## Study material
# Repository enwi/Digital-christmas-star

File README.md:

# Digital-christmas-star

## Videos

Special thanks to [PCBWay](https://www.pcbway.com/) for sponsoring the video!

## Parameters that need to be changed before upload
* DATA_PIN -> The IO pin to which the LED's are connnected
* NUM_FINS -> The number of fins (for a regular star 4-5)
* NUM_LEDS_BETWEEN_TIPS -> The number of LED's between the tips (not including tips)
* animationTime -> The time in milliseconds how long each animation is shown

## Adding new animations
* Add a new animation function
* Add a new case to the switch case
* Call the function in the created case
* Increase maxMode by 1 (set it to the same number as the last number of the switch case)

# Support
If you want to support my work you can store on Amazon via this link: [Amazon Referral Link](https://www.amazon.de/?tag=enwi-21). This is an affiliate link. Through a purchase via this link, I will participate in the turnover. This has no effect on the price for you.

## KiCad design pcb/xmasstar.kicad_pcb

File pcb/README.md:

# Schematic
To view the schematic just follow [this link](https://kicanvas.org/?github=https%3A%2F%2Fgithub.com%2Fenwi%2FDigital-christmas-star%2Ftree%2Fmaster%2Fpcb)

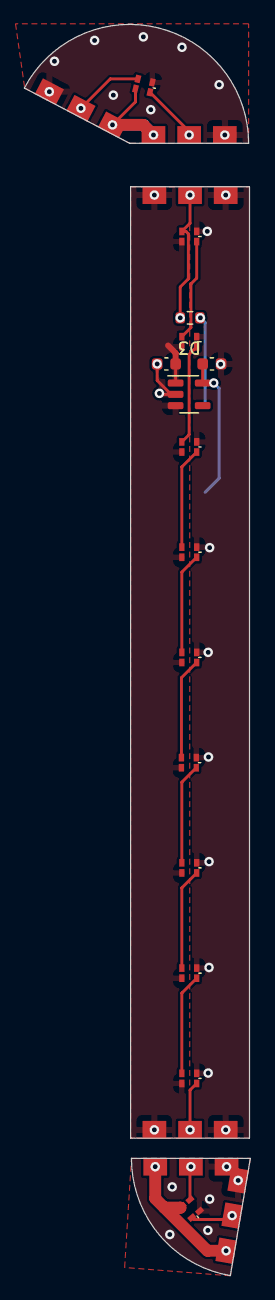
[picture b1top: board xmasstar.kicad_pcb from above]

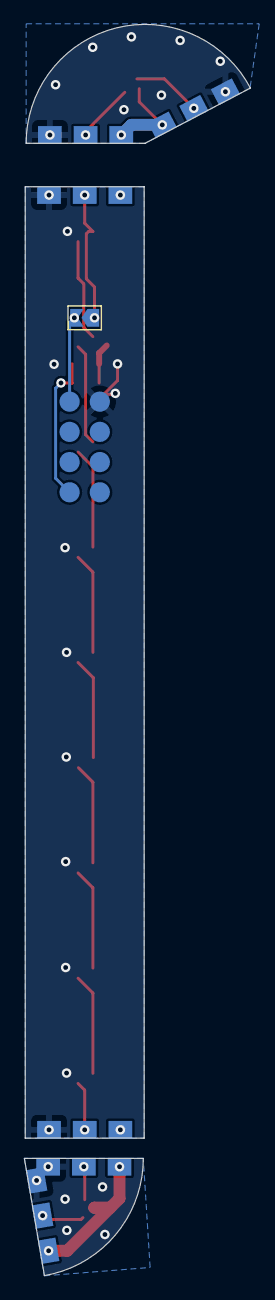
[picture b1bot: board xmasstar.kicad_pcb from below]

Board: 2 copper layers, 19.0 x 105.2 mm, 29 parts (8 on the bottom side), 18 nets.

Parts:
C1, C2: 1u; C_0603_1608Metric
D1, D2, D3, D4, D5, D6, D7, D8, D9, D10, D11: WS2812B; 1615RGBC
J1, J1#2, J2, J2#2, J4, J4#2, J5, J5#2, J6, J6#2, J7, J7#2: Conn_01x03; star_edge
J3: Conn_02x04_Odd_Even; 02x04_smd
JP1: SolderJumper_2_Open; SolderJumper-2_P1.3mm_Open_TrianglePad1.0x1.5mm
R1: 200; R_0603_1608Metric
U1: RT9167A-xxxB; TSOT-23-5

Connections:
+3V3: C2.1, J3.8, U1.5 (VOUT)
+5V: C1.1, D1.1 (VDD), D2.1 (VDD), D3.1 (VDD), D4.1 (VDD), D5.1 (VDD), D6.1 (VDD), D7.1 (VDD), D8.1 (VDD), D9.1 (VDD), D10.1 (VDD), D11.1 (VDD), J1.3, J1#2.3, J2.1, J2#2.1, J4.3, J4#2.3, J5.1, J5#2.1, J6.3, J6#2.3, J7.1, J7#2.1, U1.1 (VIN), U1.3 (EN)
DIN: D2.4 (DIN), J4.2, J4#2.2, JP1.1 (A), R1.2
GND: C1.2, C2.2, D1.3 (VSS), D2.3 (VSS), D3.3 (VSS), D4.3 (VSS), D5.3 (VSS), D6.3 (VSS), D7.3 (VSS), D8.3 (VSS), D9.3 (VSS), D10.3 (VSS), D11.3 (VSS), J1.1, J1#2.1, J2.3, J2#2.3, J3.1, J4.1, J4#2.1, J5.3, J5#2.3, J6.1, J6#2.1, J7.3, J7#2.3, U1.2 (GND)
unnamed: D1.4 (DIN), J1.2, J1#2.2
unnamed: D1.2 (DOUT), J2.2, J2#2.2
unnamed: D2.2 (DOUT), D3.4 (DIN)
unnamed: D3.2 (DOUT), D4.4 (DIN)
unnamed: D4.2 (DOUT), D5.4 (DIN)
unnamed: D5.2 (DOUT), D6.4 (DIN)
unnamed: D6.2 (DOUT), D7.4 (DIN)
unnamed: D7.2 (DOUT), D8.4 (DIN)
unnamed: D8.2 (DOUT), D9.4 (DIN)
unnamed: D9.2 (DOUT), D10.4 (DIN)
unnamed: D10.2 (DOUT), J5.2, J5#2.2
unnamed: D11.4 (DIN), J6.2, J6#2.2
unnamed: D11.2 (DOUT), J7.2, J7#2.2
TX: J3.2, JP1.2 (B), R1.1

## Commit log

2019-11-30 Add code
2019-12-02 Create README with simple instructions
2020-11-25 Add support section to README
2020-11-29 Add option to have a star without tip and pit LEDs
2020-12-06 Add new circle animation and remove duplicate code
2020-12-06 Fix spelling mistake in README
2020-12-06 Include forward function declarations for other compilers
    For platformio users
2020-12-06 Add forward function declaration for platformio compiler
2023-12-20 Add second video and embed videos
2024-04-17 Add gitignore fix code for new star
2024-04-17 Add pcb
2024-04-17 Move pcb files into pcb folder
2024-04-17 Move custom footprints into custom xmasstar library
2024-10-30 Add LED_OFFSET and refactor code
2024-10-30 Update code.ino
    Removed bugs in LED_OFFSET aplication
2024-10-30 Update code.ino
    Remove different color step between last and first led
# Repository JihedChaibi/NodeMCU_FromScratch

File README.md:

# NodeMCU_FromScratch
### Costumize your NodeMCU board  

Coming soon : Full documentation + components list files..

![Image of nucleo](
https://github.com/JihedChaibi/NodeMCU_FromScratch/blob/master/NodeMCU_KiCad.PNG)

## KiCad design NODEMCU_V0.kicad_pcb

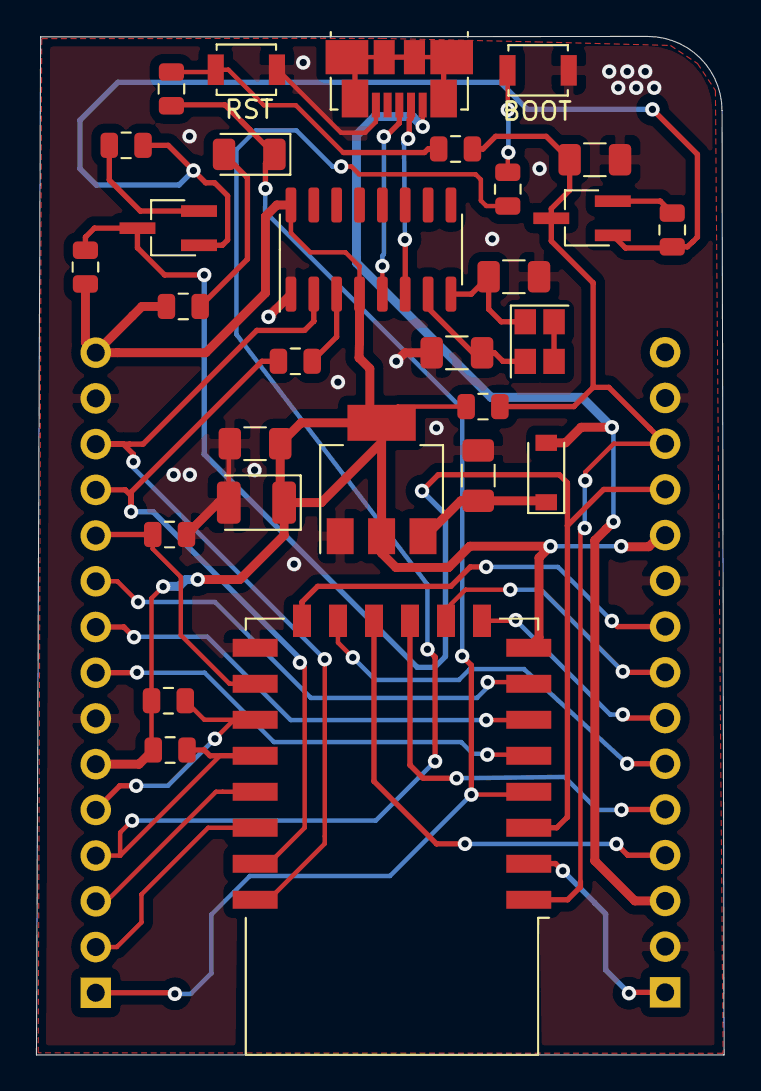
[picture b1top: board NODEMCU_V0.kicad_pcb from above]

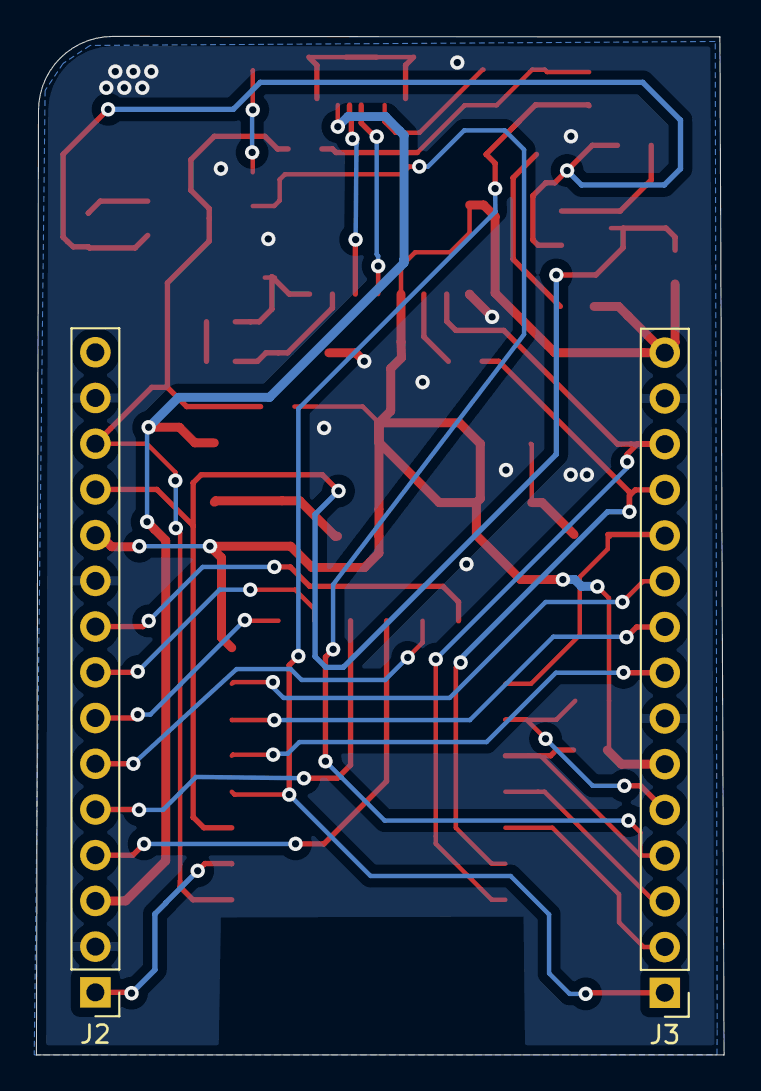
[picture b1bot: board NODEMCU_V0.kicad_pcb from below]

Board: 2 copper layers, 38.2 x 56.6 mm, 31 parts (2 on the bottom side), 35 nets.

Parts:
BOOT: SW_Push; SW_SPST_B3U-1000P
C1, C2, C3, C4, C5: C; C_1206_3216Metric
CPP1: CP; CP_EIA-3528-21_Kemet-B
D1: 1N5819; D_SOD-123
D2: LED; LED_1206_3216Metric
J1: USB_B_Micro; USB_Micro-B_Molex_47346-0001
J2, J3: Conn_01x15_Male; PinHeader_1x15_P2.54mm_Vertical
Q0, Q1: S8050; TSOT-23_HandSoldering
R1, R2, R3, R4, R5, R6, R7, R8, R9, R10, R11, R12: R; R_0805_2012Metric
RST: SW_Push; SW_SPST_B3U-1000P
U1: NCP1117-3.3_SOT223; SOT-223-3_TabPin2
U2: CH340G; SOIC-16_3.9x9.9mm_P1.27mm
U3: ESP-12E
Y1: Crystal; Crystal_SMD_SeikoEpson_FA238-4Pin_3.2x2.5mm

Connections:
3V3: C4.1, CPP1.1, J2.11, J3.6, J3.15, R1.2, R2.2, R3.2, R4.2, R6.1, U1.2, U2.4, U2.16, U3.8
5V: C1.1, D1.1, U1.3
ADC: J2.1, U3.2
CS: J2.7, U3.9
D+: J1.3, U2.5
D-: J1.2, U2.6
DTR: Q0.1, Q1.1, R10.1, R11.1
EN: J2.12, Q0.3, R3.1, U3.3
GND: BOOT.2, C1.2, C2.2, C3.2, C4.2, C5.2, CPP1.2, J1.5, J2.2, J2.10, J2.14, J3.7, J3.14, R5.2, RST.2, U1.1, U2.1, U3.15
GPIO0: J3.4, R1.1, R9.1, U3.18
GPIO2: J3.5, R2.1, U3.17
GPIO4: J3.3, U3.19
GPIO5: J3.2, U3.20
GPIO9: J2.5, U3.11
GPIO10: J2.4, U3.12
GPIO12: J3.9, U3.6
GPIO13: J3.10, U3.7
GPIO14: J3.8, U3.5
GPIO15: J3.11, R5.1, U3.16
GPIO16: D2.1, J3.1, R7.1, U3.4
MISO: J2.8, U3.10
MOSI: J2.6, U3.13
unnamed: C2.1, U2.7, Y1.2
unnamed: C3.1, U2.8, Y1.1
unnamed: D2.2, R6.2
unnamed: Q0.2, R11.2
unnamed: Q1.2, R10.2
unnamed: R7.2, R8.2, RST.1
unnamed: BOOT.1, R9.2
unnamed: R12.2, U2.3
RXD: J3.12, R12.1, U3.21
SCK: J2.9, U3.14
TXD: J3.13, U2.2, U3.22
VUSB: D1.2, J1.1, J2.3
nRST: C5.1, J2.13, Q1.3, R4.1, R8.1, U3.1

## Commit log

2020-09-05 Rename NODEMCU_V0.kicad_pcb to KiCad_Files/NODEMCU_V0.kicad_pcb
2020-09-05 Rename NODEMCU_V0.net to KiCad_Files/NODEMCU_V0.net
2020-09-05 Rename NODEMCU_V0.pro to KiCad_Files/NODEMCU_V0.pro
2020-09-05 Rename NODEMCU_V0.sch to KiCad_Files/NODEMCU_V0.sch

## Activity
Within the records above, the line carrying "unnamed: C3.1, U2.8, Y1.1" starts the range and the last line ends it. Set down that range exactly.

## Solution for this exercise
unnamed: C3.1, U2.8, Y1.1
unnamed: D2.2, R6.2
unnamed: Q0.2, R11.2
unnamed: Q1.2, R10.2
unnamed: R7.2, R8.2, RST.1
unnamed: BOOT.1, R9.2
unnamed: R12.2, U2.3
RXD: J3.12, R12.1, U3.21
SCK: J2.9, U3.14
TXD: J3.13, U2.2, U3.22
VUSB: D1.2, J1.1, J2.3
nRST: C5.1, J2.13, Q1.3, R4.1, R8.1, U3.1

## Commit log

2020-09-05 Rename NODEMCU_V0.kicad_pcb to KiCad_Files/NODEMCU_V0.kicad_pcb
2020-09-05 Rename NODEMCU_V0.net to KiCad_Files/NODEMCU_V0.net
2020-09-05 Rename NODEMCU_V0.pro to KiCad_Files/NODEMCU_V0.pro
2020-09-05 Rename NODEMCU_V0.sch to KiCad_Files/NODEMCU_V0.sch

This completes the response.